_Supplied data_
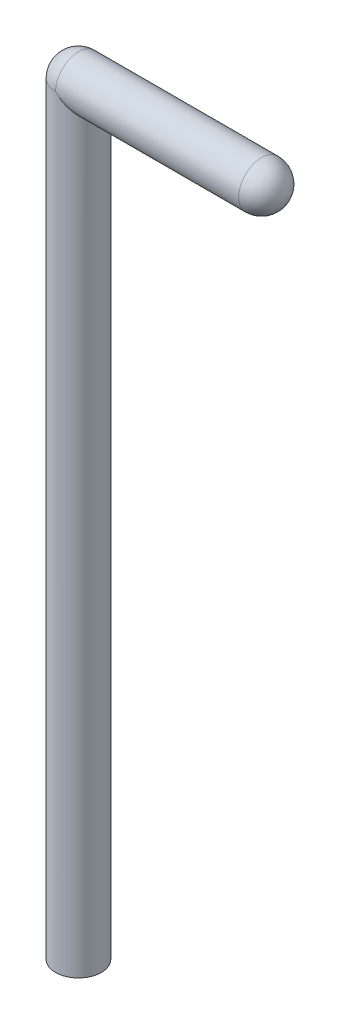
ISO-10303-21;
HEADER;
FILE_DESCRIPTION(('STEP AP214'),'2;1');
FILE_NAME('part.step','',(''),(''),'','','');
FILE_SCHEMA(('AUTOMOTIVE_DESIGN { 1 0 10303 214 1 1 1 1 }'));
ENDSEC;
DATA;
#1=APPLICATION_CONTEXT('core data for automotive mechanical design processes');
#2=APPLICATION_PROTOCOL_DEFINITION('international standard','automotive_design',2000,#1);
#3=PRODUCT_CONTEXT('',#1,'mechanical');
#4=PRODUCT('Part','Part','',(#3));
#5=PRODUCT_RELATED_PRODUCT_CATEGORY('part','',(#4));
#6=PRODUCT_DEFINITION_FORMATION('','',#4);
#7=PRODUCT_DEFINITION_CONTEXT('part definition',#1,'design');
#8=PRODUCT_DEFINITION('design','',#6,#7);
#9=PRODUCT_DEFINITION_SHAPE('','',#8);
#10=(LENGTH_UNIT() NAMED_UNIT(*) SI_UNIT(.MILLI.,.METRE.));
#11=(NAMED_UNIT(*) PLANE_ANGLE_UNIT() SI_UNIT($,.RADIAN.));
#12=(NAMED_UNIT(*) SI_UNIT($,.STERADIAN.) SOLID_ANGLE_UNIT());
#13=UNCERTAINTY_MEASURE_WITH_UNIT(LENGTH_MEASURE(1.E-05),#10,'distance_accuracy_value','');
#14=(GEOMETRIC_REPRESENTATION_CONTEXT(3) GLOBAL_UNCERTAINTY_ASSIGNED_CONTEXT((#13)) GLOBAL_UNIT_ASSIGNED_CONTEXT((#10,
#11,#12)) REPRESENTATION_CONTEXT('',''));
#15=CARTESIAN_POINT('',(0.,0.,0.));
#16=DIRECTION('',(0.,0.,1.));
#17=DIRECTION('',(1.,0.,0.));
#18=AXIS2_PLACEMENT_3D('',#15,#16,#17);
#19=CARTESIAN_POINT('',(0.,25.,0.));
#20=DIRECTION('',(0.,-1.,0.));
#21=DIRECTION('',(0.,0.,-1.));
#22=AXIS2_PLACEMENT_3D('',#19,#20,#21);
#23=CYLINDRICAL_SURFACE('',#22,0.75);
#24=CARTESIAN_POINT('',(0.,0.,0.));
#25=DIRECTION('',(0.,1.,0.));
#26=DIRECTION('',(0.,0.,1.));
#27=AXIS2_PLACEMENT_3D('',#24,#25,#26);
#28=CIRCLE('',#27,0.75);
#29=CARTESIAN_POINT('',(0.,0.,0.75));
#30=VERTEX_POINT('',#29);
#31=EDGE_CURVE('E37',#30,#30,#28,.T.);
#32=ORIENTED_EDGE('',*,*,#31,.T.);
#33=EDGE_LOOP('',(#32));
#34=FACE_BOUND('',#33,.T.);
#35=CARTESIAN_POINT('',(0.,25.,0.));
#36=DIRECTION('',(-0.707106781186547,-0.707106781186547,0.));
#37=DIRECTION('',(0.707106781186547,-0.707106781186547,0.));
#38=AXIS2_PLACEMENT_3D('',#35,#36,#37);
#39=ELLIPSE('',#38,1.06066017177982,0.75);
#40=CARTESIAN_POINT('',(0.,25.,0.75));
#41=VERTEX_POINT('',#40);
#42=CARTESIAN_POINT('',(0.,25.,-0.75));
#43=VERTEX_POINT('',#42);
#44=EDGE_CURVE('E52',#41,#43,#39,.F.);
#45=ORIENTED_EDGE('',*,*,#44,.F.);
#46=CARTESIAN_POINT('',(0.,25.,0.));
#47=DIRECTION('',(0.,1.,0.));
#48=DIRECTION('',(0.,0.,1.));
#49=AXIS2_PLACEMENT_3D('',#46,#47,#48);
#50=CIRCLE('',#49,0.75);
#51=EDGE_CURVE('E11',#43,#41,#50,.T.);
#52=ORIENTED_EDGE('',*,*,#51,.F.);
#53=EDGE_LOOP('',(#45,#52));
#54=FACE_BOUND('',#53,.T.);
#55=ADVANCED_FACE('F34',(#34,#54),#23,.T.);
#56=CARTESIAN_POINT('',(0.,25.,0.));
#57=DIRECTION('',(0.,1.,0.));
#58=DIRECTION('',(1.,0.,0.));
#59=AXIS2_PLACEMENT_3D('',#56,#57,#58);
#60=SPHERICAL_SURFACE('',#59,0.750000000000001);
#61=CARTESIAN_POINT('',(0.,25.,0.));
#62=DIRECTION('',(1.,0.,0.));
#63=DIRECTION('',(0.,0.,-1.));
#64=AXIS2_PLACEMENT_3D('',#61,#62,#63);
#65=CIRCLE('',#64,0.75);
#66=EDGE_CURVE('E46',#43,#41,#65,.T.);
#67=ORIENTED_EDGE('',*,*,#66,.F.);
#68=ORIENTED_EDGE('',*,*,#51,.T.);
#69=EDGE_LOOP('',(#67,#68));
#70=FACE_BOUND('',#69,.T.);
#71=ADVANCED_FACE('F49',(#70),#60,.T.);
#72=CARTESIAN_POINT('',(0.,0.,0.));
#73=DIRECTION('',(0.,1.,0.));
#74=DIRECTION('',(0.,0.,1.));
#75=AXIS2_PLACEMENT_3D('',#72,#73,#74);
#76=PLANE('',#75);
#77=ORIENTED_EDGE('',*,*,#31,.F.);
#78=EDGE_LOOP('',(#77));
#79=FACE_BOUND('',#78,.T.);
#80=ADVANCED_FACE('F65',(#79),#76,.F.);
#81=CARTESIAN_POINT('',(6.,25.,0.));
#82=DIRECTION('',(-1.,0.,0.));
#83=DIRECTION('',(0.,0.,1.));
#84=AXIS2_PLACEMENT_3D('',#81,#82,#83);
#85=CYLINDRICAL_SURFACE('',#84,0.75);
#86=CARTESIAN_POINT('',(6.,25.,0.));
#87=DIRECTION('',(1.,0.,0.));
#88=DIRECTION('',(0.,0.,-1.));
#89=AXIS2_PLACEMENT_3D('',#86,#87,#88);
#90=CIRCLE('',#89,0.75);
#91=CARTESIAN_POINT('',(6.,25.,-0.75));
#92=VERTEX_POINT('',#91);
#93=EDGE_CURVE('E54',#92,#92,#90,.T.);
#94=ORIENTED_EDGE('',*,*,#93,.F.);
#95=EDGE_LOOP('',(#94));
#96=FACE_BOUND('',#95,.T.);
#97=ORIENTED_EDGE('',*,*,#66,.T.);
#98=ORIENTED_EDGE('',*,*,#44,.T.);
#99=EDGE_LOOP('',(#97,#98));
#100=FACE_BOUND('',#99,.T.);
#101=ADVANCED_FACE('F56',(#96,#100),#85,.T.);
#102=CARTESIAN_POINT('',(6.,25.,0.));
#103=DIRECTION('',(0.,1.,0.));
#104=DIRECTION('',(0.,0.,1.));
#105=AXIS2_PLACEMENT_3D('',#102,#103,#104);
#106=SPHERICAL_SURFACE('',#105,0.750000000000001);
#107=CARTESIAN_POINT('',(6.,25.,0.));
#108=DIRECTION('',(1.,0.,0.));
#109=DIRECTION('',(0.,0.,-1.));
#110=AXIS2_PLACEMENT_3D('',#107,#108,#109);
#111=SPHERICAL_SURFACE('',#110,0.750000000000001);
#112=ORIENTED_EDGE('',*,*,#93,.T.);
#113=EDGE_LOOP('',(#112));
#114=FACE_BOUND('',#113,.T.);
#115=ADVANCED_FACE('F62',(#114),#111,.T.);
#116=CLOSED_SHELL('',(#55,#71,#80,#101,#115));
#117=MANIFOLD_SOLID_BREP('B2',#116);
#118=ADVANCED_BREP_SHAPE_REPRESENTATION('',(#18,#117),#14);
#119=SHAPE_DEFINITION_REPRESENTATION(#9,#118);
ENDSEC;
END-ISO-10303-21;

_Goal of the exercise_
Would you please reproduce verbatim the run of lines that opens the listing and ends with the line holding "#26=DIRECTION('',(0.,0.,1.));", and only that run, leaving every picture out?

_Your solution_
ISO-10303-21;
HEADER;
FILE_DESCRIPTION(('STEP AP214'),'2;1');
FILE_NAME('part.step','',(''),(''),'','','');
FILE_SCHEMA(('AUTOMOTIVE_DESIGN { 1 0 10303 214 1 1 1 1 }'));
ENDSEC;
DATA;
#1=APPLICATION_CONTEXT('core data for automotive mechanical design processes');
#2=APPLICATION_PROTOCOL_DEFINITION('international standard','automotive_design',2000,#1);
#3=PRODUCT_CONTEXT('',#1,'mechanical');
#4=PRODUCT('Part','Part','',(#3));
#5=PRODUCT_RELATED_PRODUCT_CATEGORY('part','',(#4));
#6=PRODUCT_DEFINITION_FORMATION('','',#4);
#7=PRODUCT_DEFINITION_CONTEXT('part definition',#1,'design');
#8=PRODUCT_DEFINITION('design','',#6,#7);
#9=PRODUCT_DEFINITION_SHAPE('','',#8);
#10=(LENGTH_UNIT() NAMED_UNIT(*) SI_UNIT(.MILLI.,.METRE.));
#11=(NAMED_UNIT(*) PLANE_ANGLE_UNIT() SI_UNIT($,.RADIAN.));
#12=(NAMED_UNIT(*) SI_UNIT($,.STERADIAN.) SOLID_ANGLE_UNIT());
#13=UNCERTAINTY_MEASURE_WITH_UNIT(LENGTH_MEASURE(1.E-05),#10,'distance_accuracy_value','');
#14=(GEOMETRIC_REPRESENTATION_CONTEXT(3) GLOBAL_UNCERTAINTY_ASSIGNED_CONTEXT((#13)) GLOBAL_UNIT_ASSIGNED_CONTEXT((#10,
#11,#12)) REPRESENTATION_CONTEXT('',''));
#15=CARTESIAN_POINT('',(0.,0.,0.));
#16=DIRECTION('',(0.,0.,1.));
#17=DIRECTION('',(1.,0.,0.));
#18=AXIS2_PLACEMENT_3D('',#15,#16,#17);
#19=CARTESIAN_POINT('',(0.,25.,0.));
#20=DIRECTION('',(0.,-1.,0.));
#21=DIRECTION('',(0.,0.,-1.));
#22=AXIS2_PLACEMENT_3D('',#19,#20,#21);
#23=CYLINDRICAL_SURFACE('',#22,0.75);
#24=CARTESIAN_POINT('',(0.,0.,0.));
#25=DIRECTION('',(0.,1.,0.));
#26=DIRECTION('',(0.,0.,1.));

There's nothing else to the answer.